[WHAT YOU SHOULD DO] Give back every entry precisely as written, without any of the images.

[SUPPLIED INFORMATION]

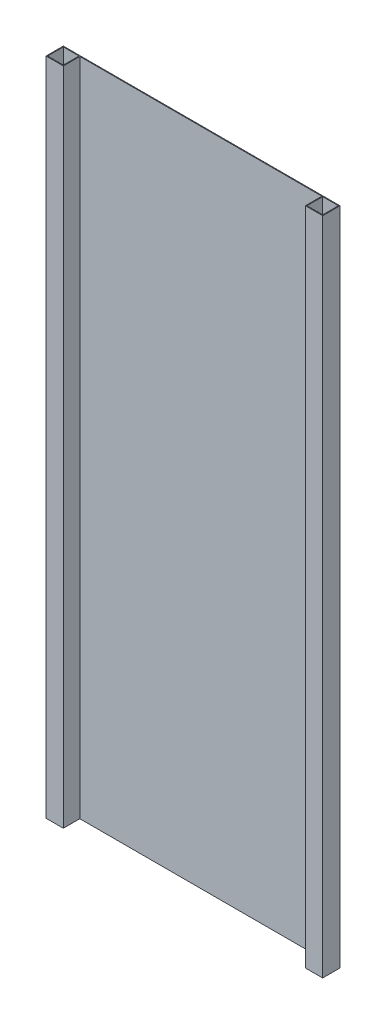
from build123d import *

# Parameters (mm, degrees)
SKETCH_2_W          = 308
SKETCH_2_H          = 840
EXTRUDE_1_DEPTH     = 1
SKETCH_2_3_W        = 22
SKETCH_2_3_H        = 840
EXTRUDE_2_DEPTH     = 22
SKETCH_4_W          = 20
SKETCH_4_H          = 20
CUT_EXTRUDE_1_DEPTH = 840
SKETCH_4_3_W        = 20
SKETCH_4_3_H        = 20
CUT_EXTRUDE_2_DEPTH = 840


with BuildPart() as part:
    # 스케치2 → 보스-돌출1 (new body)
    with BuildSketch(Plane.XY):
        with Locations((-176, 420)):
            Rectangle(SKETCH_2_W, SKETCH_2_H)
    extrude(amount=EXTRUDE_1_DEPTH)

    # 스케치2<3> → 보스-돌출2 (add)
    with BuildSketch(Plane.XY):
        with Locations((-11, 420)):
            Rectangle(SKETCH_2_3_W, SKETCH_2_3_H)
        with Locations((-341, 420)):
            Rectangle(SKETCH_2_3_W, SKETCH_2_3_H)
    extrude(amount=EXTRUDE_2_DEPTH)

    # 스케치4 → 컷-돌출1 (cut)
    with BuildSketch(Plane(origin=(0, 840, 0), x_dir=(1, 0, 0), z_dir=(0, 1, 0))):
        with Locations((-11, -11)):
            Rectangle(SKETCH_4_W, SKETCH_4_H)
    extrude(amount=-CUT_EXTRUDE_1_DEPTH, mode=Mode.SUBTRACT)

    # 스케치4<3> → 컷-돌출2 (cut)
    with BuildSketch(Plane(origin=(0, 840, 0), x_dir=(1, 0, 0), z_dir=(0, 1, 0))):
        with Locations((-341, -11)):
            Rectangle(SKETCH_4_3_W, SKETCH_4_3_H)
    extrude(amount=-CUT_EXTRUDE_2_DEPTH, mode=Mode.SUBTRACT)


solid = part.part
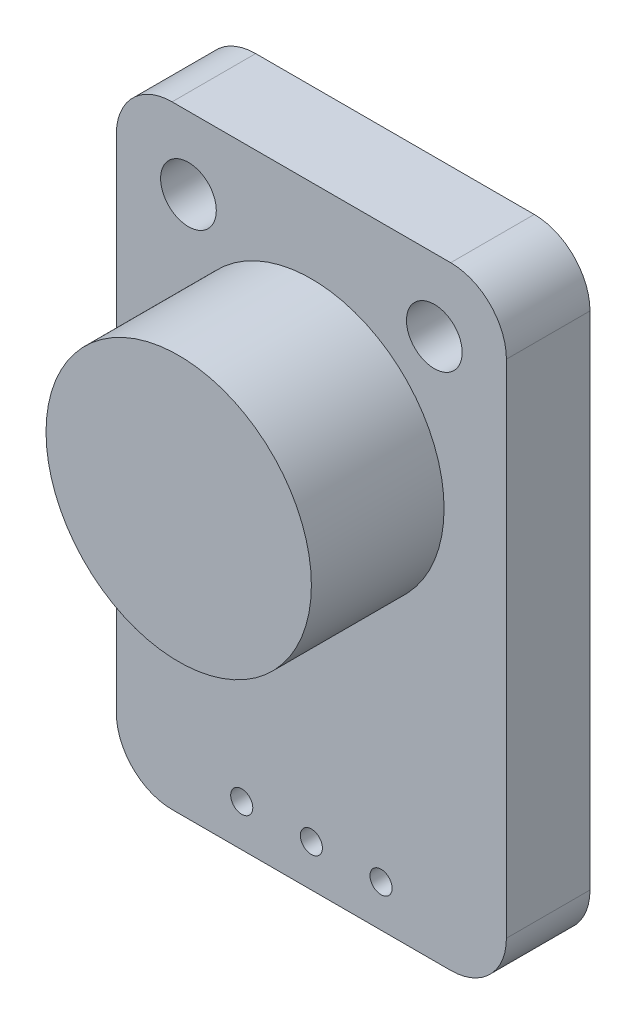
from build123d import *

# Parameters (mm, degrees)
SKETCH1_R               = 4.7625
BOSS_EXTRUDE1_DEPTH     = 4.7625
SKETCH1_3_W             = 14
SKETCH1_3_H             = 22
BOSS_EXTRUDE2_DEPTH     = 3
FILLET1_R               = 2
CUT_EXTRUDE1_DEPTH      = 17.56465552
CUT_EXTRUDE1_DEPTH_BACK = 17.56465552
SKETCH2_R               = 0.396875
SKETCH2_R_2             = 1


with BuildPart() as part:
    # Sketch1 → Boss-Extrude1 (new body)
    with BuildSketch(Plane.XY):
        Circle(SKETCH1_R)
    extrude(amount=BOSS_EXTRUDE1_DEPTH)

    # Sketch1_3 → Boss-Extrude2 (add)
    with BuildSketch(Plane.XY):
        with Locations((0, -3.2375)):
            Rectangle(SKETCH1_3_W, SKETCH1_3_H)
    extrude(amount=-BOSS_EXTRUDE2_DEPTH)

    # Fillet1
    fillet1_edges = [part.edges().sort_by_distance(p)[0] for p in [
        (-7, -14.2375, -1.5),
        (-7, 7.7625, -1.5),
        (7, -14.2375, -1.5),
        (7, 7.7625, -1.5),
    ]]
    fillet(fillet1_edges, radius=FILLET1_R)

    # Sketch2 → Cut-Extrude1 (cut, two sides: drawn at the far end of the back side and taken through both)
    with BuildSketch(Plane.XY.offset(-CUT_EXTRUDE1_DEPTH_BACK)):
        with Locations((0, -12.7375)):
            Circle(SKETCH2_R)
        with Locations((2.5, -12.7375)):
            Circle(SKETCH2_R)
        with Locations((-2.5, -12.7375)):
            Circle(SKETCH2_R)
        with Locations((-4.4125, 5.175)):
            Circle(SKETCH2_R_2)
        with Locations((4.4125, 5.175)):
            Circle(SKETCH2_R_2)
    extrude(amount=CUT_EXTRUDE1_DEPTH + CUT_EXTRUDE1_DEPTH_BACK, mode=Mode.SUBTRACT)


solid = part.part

[RESPONSE FOR THIS EXERCISE]
from build123d import *

# Parameters (mm, degrees)
SKETCH_2_W          = 308
SKETCH_2_H          = 840
EXTRUDE_1_DEPTH     = 1
SKETCH_2_3_W        = 22
SKETCH_2_3_H        = 840
EXTRUDE_2_DEPTH     = 22
SKETCH_4_W          = 20
SKETCH_4_H          = 20
CUT_EXTRUDE_1_DEPTH = 840
SKETCH_4_3_W        = 20
SKETCH_4_3_H        = 20
CUT_EXTRUDE_2_DEPTH = 840


with BuildPart() as part:
    # 스케치2 → 보스-돌출1 (new body)
    with BuildSketch(Plane.XY):
        with Locations((-176, 420)):
            Rectangle(SKETCH_2_W, SKETCH_2_H)
    extrude(amount=EXTRUDE_1_DEPTH)

    # 스케치2<3> → 보스-돌출2 (add)
    with BuildSketch(Plane.XY):
        with Locations((-11, 420)):
            Rectangle(SKETCH_2_3_W, SKETCH_2_3_H)
        with Locations((-341, 420)):
            Rectangle(SKETCH_2_3_W, SKETCH_2_3_H)
    extrude(amount=EXTRUDE_2_DEPTH)

    # 스케치4 → 컷-돌출1 (cut)
    with BuildSketch(Plane(origin=(0, 840, 0), x_dir=(1, 0, 0), z_dir=(0, 1, 0))):
        with Locations((-11, -11)):
            Rectangle(SKETCH_4_W, SKETCH_4_H)
    extrude(amount=-CUT_EXTRUDE_1_DEPTH, mode=Mode.SUBTRACT)

    # 스케치4<3> → 컷-돌출2 (cut)
    with BuildSketch(Plane(origin=(0, 840, 0), x_dir=(1, 0, 0), z_dir=(0, 1, 0))):
        with Locations((-341, -11)):
            Rectangle(SKETCH_4_3_W, SKETCH_4_3_H)
    extrude(amount=-CUT_EXTRUDE_2_DEPTH, mode=Mode.SUBTRACT)


solid = part.part
from build123d import *

# Parameters (mm, degrees)
SKETCH1_R               = 4.7625
BOSS_EXTRUDE1_DEPTH     = 4.7625
SKETCH1_3_W             = 14
SKETCH1_3_H             = 22
BOSS_EXTRUDE2_DEPTH     = 3
FILLET1_R               = 2
CUT_EXTRUDE1_DEPTH      = 17.56465552
CUT_EXTRUDE1_DEPTH_BACK = 17.56465552
SKETCH2_R               = 0.396875
SKETCH2_R_2             = 1


with BuildPart() as part:
    # Sketch1 → Boss-Extrude1 (new body)
    with BuildSketch(Plane.XY):
        Circle(SKETCH1_R)
    extrude(amount=BOSS_EXTRUDE1_DEPTH)

    # Sketch1_3 → Boss-Extrude2 (add)
    with BuildSketch(Plane.XY):
        with Locations((0, -3.2375)):
            Rectangle(SKETCH1_3_W, SKETCH1_3_H)
    extrude(amount=-BOSS_EXTRUDE2_DEPTH)

    # Fillet1
    fillet1_edges = [part.edges().sort_by_distance(p)[0] for p in [
        (-7, -14.2375, -1.5),
        (-7, 7.7625, -1.5),
        (7, -14.2375, -1.5),
        (7, 7.7625, -1.5),
    ]]
    fillet(fillet1_edges, radius=FILLET1_R)

    # Sketch2 → Cut-Extrude1 (cut, two sides: drawn at the far end of the back side and taken through both)
    with BuildSketch(Plane.XY.offset(-CUT_EXTRUDE1_DEPTH_BACK)):
        with Locations((0, -12.7375)):
            Circle(SKETCH2_R)
        with Locations((2.5, -12.7375)):
            Circle(SKETCH2_R)
        with Locations((-2.5, -12.7375)):
            Circle(SKETCH2_R)
        with Locations((-4.4125, 5.175)):
            Circle(SKETCH2_R_2)
        with Locations((4.4125, 5.175)):
            Circle(SKETCH2_R_2)
    extrude(amount=CUT_EXTRUDE1_DEPTH + CUT_EXTRUDE1_DEPTH_BACK, mode=Mode.SUBTRACT)


solid = part.part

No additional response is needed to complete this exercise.